# Scroll saw for bandsaw boxes?



## Tombo46 (21 Nov 2013)

I'm wanting to start making bandsaw boxes as they have always appealed to me however I'm never fond of being able to see the entry point of the bandsaw blade. I was trying to think of ways around this and I thought of the scroll saw. I have never used or owned a scroll saw but would it be possible, if you cut the front of the bandsaw box off, to cut out the drawers etc by drilling a small hole and forcing a scroll saw blade through this and then proceeding the cut the drawer fronts? If my brain is working correctly, would this serve to hide the unsightly entry point by hiding it behind the front piece that has been cut on the scroll saw?

Lastly. I'm aware that there are 2 types of blades. Ones with pins and ones without? Obviously if this were to work at all it would have to be one without pins. If my theory sounds good can anyone recommend a good entry level scroll saw that uses these sorts of blades? I'm not looking to spend fortunes but I don't want something that's going to be a waste of money if you get what I mean. A happy medium will do me!

Cheers,

Tom


----------



## heatherw (22 Nov 2013)

As someone who's been making a lot of bandsaw boxes lately, I can see a few problems with this. You'd be very limited on size of box, most scroll saws can only cut up to about 5cm, and not easily. Which is the cut you don't like? The second one that cuts out the drawers after cutting the back off? You can usually arrange it so the cut goes with the grain and is almost invisible. The actual drawers can be cut out from the side, so you don't see the cut from the front. 

Bandsaw boxes are really cheating anyway, and that little cut is the price you pay for not doing things "properly". You never get the fit you'd get if you were making a proper little chest of drawers with dovetails and a grooved bottom. Everything's a little more sloppy than it should be. But they're fun to make and you can get all sorts of shapes that wouldn't be possible any other way


----------



## Tombo46 (22 Nov 2013)

heatherw":2ud606ev said:


> As someone who's been making a lot of bandsaw boxes lately, I can see a few problems with this. You'd be very limited on size of box, most scroll saws can only cut up to about 5cm, and not easily. Which is the cut you don't like? The second one that cuts out the drawers after cutting the back off? You can usually arrange it so the cut goes with the grain and is almost invisible. The actual drawers can be cut out from the side, so you don't see the cut from the front.
> 
> Bandsaw boxes are really cheating anyway, and that little cut is the price you pay for not doing things "properly". You never get the fit you'd get if you were making a proper little chest of drawers with dovetails and a grooved bottom. Everything's a little more sloppy than it should be. But they're fun to make and you can get all sorts of shapes that wouldn't be possible any other way



It's hard to explain haha. I wasn't intending on doing any thick cuts on a scroll saw. I was thinking of ripping 10mm off the front (or the same thickness as the back) and cutting the drawer fronts individually from that 1cm thick piece. Then glue the front back on like you usually do with the back once all the drawers are cut etc. I was hoping this could cover up the cuts I'd need to make to cut out the thicker stock for the drawers on the band saw.

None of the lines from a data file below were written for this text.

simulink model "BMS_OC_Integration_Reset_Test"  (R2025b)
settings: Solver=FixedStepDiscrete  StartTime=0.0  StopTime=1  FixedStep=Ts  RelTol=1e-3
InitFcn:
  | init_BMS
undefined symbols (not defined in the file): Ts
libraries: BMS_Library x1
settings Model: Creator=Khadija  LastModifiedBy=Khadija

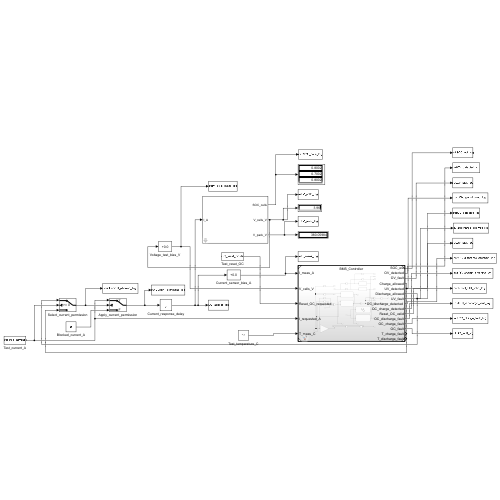
[thumbnail: Simulink's stored preview of the top-level diagram]
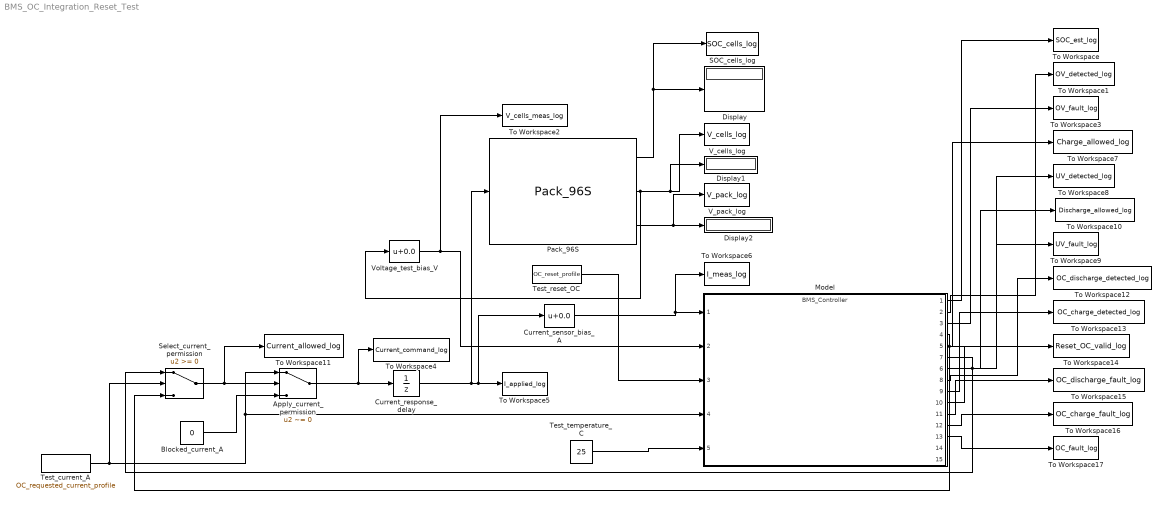
== system BMS_OC_Integration_Reset_Test ==
  Apply_current_permission : Switch  Criteria=u2 ~= 0  SaturateOnIntegerOverflow=off  InputSameDT=off
  Blocked_current_A : Constant  Value=0  SampleTime=Ts
  Current_response_delay : UnitDelay  SampleTime=Ts  HasFrameUpgradeWarning=on
  Current_sensor_bias_A : Bias  Bias=0.0  SaturateOnIntegerOverflow=off
  Display : Display
  Display1 : Display
  Display2 : Display
  Model : ModelReference  ModelNameDialog=BMS_Controller  SimulationMode=Normal  ModelReferenceVersion=1.40
      settings: PortSchema="{\"entries\":[{\"content\":{\"sides\":[{\"content\":{\"connectorIds\":[\"In1\",\"In2\",\"In3\",\"In4\",\"In5\"]},\"type\":\"ConnectorPlacement.EquallySpacedRectSide\",\"uuid\":\"1e26f145-0f3d-496d-921d-7ad329268fcb\"},{\"content\":{\"connectorIds\":[\"Out1\",\"Out2\",\"Out3\",\"Out4\",\"Out5\",\"Out7\",\"Out6\",\"Out8\",\"Out9\",\"Out10\",\"Out11\",\"Out12\",\"Out13\",\"Out14\",\"Out15\"],\"side\":\"RIGHT\"},\"type\":\"ConnectorPlacement.EquallySpacedRectSide\",\"uuid\":\"f623cd1b-04b5-4ae4-86fc-b9e653a015f6\"},{\"content\":{\"side\":\"TOP\"},\"type\":\"ConnectorPlacement.EquallySpacedRectSide\",\"uuid\":\"e3a00977-f6c2-4554-bcd2-84dd8f01a2c6\"}]},\"type\":\"ConnectorPlacement.EquallySpacedConnector\",\"uuid\":\"60ffb283-705f-43a9-b3aa-b4ebe7e6c32d\"}],\"packageUris\":[\"http://schema.mathworks.com/mf0/Connector/R2020b\"],\"version\":\"1.0\"}"
  Pack_96S : BMS_Library/Pack_96S  SOC_init_pack=SOC0_pack
  SOC_cells_log : ToWorkspace  VariableName=SOC_cells_log  SaveFormat=Timeseries  SampleTime=-1
  Select_current_permission : Switch  SaturateOnIntegerOverflow=off  InputSameDT=off
  Test_current_A : FromWorkspace  VariableName=OC_requested_current_profile  OutDataTypeStr=double  SampleTime=Ts  Interpolate=off  OutputAfterFinalValue=Holding final value
  Test_reset_OC : FromWorkspace  VariableName=OC_reset_profile  OutDataTypeStr=boolean  SampleTime=Ts  Interpolate=off  OutputAfterFinalValue=Holding final value
  Test_temperature_C : Constant  Value=25  OutDataTypeStr=double  SampleTime=Ts
  To Workspace : ToWorkspace  VariableName=SOC_est_log  SaveFormat=Timeseries  SampleTime=-1
  To Workspace1 : ToWorkspace  VariableName=OV_detected_log  SaveFormat=Timeseries  SampleTime=-1
  To Workspace10 : ToWorkspace  VariableName=Discharge_allowed_log  SaveFormat=Timeseries  SampleTime=-1
  To Workspace11 : ToWorkspace  VariableName=Current_allowed_log  SaveFormat=Timeseries  SampleTime=-1
  To Workspace12 : ToWorkspace  VariableName=OC_discharge_detected_log  SaveFormat=Timeseries  SampleTime=-1
  To Workspace13 : ToWorkspace  VariableName=OC_charge_detected_log  SaveFormat=Timeseries  SampleTime=-1
  To Workspace14 : ToWorkspace  VariableName=Reset_OC_valid_log  SaveFormat=Timeseries  SampleTime=-1
  To Workspace15 : ToWorkspace  VariableName=OC_discharge_fault_log  SaveFormat=Timeseries  SampleTime=-1
  To Workspace16 : ToWorkspace  VariableName=OC_charge_fault_log  SaveFormat=Timeseries  SampleTime=-1
  To Workspace17 : ToWorkspace  VariableName=OC_fault_log  SaveFormat=Timeseries  SampleTime=-1
  To Workspace2 : ToWorkspace  VariableName=V_cells_meas_log  SaveFormat=Timeseries  SampleTime=-1
  To Workspace3 : ToWorkspace  VariableName=OV_fault_log  SaveFormat=Timeseries  SampleTime=-1
  To Workspace4 : ToWorkspace  VariableName=Current_command_log  SaveFormat=Timeseries  SampleTime=-1
  To Workspace5 : ToWorkspace  VariableName=I_applied_log  SaveFormat=Timeseries  SampleTime=-1
  To Workspace6 : ToWorkspace  VariableName=I_meas_log  SaveFormat=Timeseries  SampleTime=-1
  To Workspace7 : ToWorkspace  VariableName=Charge_allowed_log  SaveFormat=Timeseries  SampleTime=-1
  To Workspace8 : ToWorkspace  VariableName=UV_detected_log  SaveFormat=Timeseries  SampleTime=-1
  To Workspace9 : ToWorkspace  VariableName=UV_fault_log  SaveFormat=Timeseries  SampleTime=-1
  V_cells_log : ToWorkspace  VariableName=V_cells_log  SaveFormat=Timeseries  SampleTime=-1
  V_pack_log : ToWorkspace  VariableName=V_pack_log  SaveFormat=Timeseries  SampleTime=-1
  Voltage_test_bias_V : Bias  Bias=0.0  SaturateOnIntegerOverflow=off
  wires:
  Select_current_permission/1 -> To Workspace11/1, Apply_current_permission/2
  Test_current_A/1 -> Apply_current_permission/1, Model/4, Select_current_permission/2
  Current_response_delay/1 -> To Workspace5/1, Current_sensor_bias_A/1, Pack_96S/1
  Apply_current_permission/1 -> To Workspace4/1, Current_response_delay/1
  Blocked_current_A/1 -> Apply_current_permission/3
  Voltage_test_bias_V/1 -> Model/2, To Workspace2/1
  Model/13 -> To Workspace17/1
  Model/9 -> To Workspace13/1
  Model/5 -> To Workspace8/1
  Pack_96S/2 -> Display1/1, V_cells_log/1, Voltage_test_bias_V/1
  Model/12 -> To Workspace16/1
  Model/8 -> To Workspace12/1
  Model/4 -> Select_current_permission/3, To Workspace7/1
  Pack_96S/1 -> SOC_cells_log/1, Display/1
  Model/10 -> To Workspace14/1
  Model/6 -> To Workspace9/1
  Pack_96S/3 -> V_pack_log/1, Display2/1
  Test_reset_OC/1 -> Model/3
  Model/1 -> To Workspace/1
  Current_sensor_bias_A/1 -> To Workspace6/1, Model/1
  Model/2 -> To Workspace1/1
  Model/3 -> To Workspace3/1
  Model/11 -> To Workspace15/1
  Model/7 -> Select_current_permission/1, To Workspace10/1
  Test_temperature_C/1 -> Model/5

Hopefully this explains what I mean : )


----------



## Tombo46 (22 Nov 2013)

I was just looking at bandsaw boxes when I came across this! I think this guy does the same thing I'm thinking of...

http://www3.telus.net/wood/Cracked%20Ba ... uction.htm


----------



## gilljc (22 Nov 2013)

I think I see what you are getting at, I had a titan from screwfix for ages until I wanted to cut finer internal cuts and do bevelled inlays. the hole I used for the pinned blades was about 5mm, which you might find a bit big, although with careful placing can be 'sanded in'
I have heard of pinless adaptors for machines that use pinned blades, or some people take out the pins and replace them after threading, though that might be a bit fiddly. keep an eye on ebay there are sometimes bargains in the hegner base model.
To be honest don't know much about cheapy scroll saws, but do they really give much trouble? mine didn't
good luck in your hunt, band saw boxes can be beautiful


----------



## heatherw (22 Nov 2013)

Ah, I see,

I've recently bought a secondhand Hegner, but those drawer fronts could easily have been cut out on my old lowest of the low Nutool. It even came with pinless blade adaptors, though I never used them. I would have though that almost any cheap scroll saw could be used for that, though some will be more pleasant to use than others.


----------



## Tombo46 (22 Nov 2013)

heatherw":3oeltrb0 said:


> Ah, I see,
> 
> I've recently bought a secondhand Hegner, but those drawer fronts could easily have been cut out on my old lowest of the low Nutool. It even came with pinless blade adaptors, though I never used them. I would have though that almost any cheap scroll saw could be used for that, though some will be more pleasant to use than others.



Cool beans. Is a Hegner good value for money? I don't mind spending if I'm getting a quality tool that's going to last. You never know...I might even use it for other stuff


----------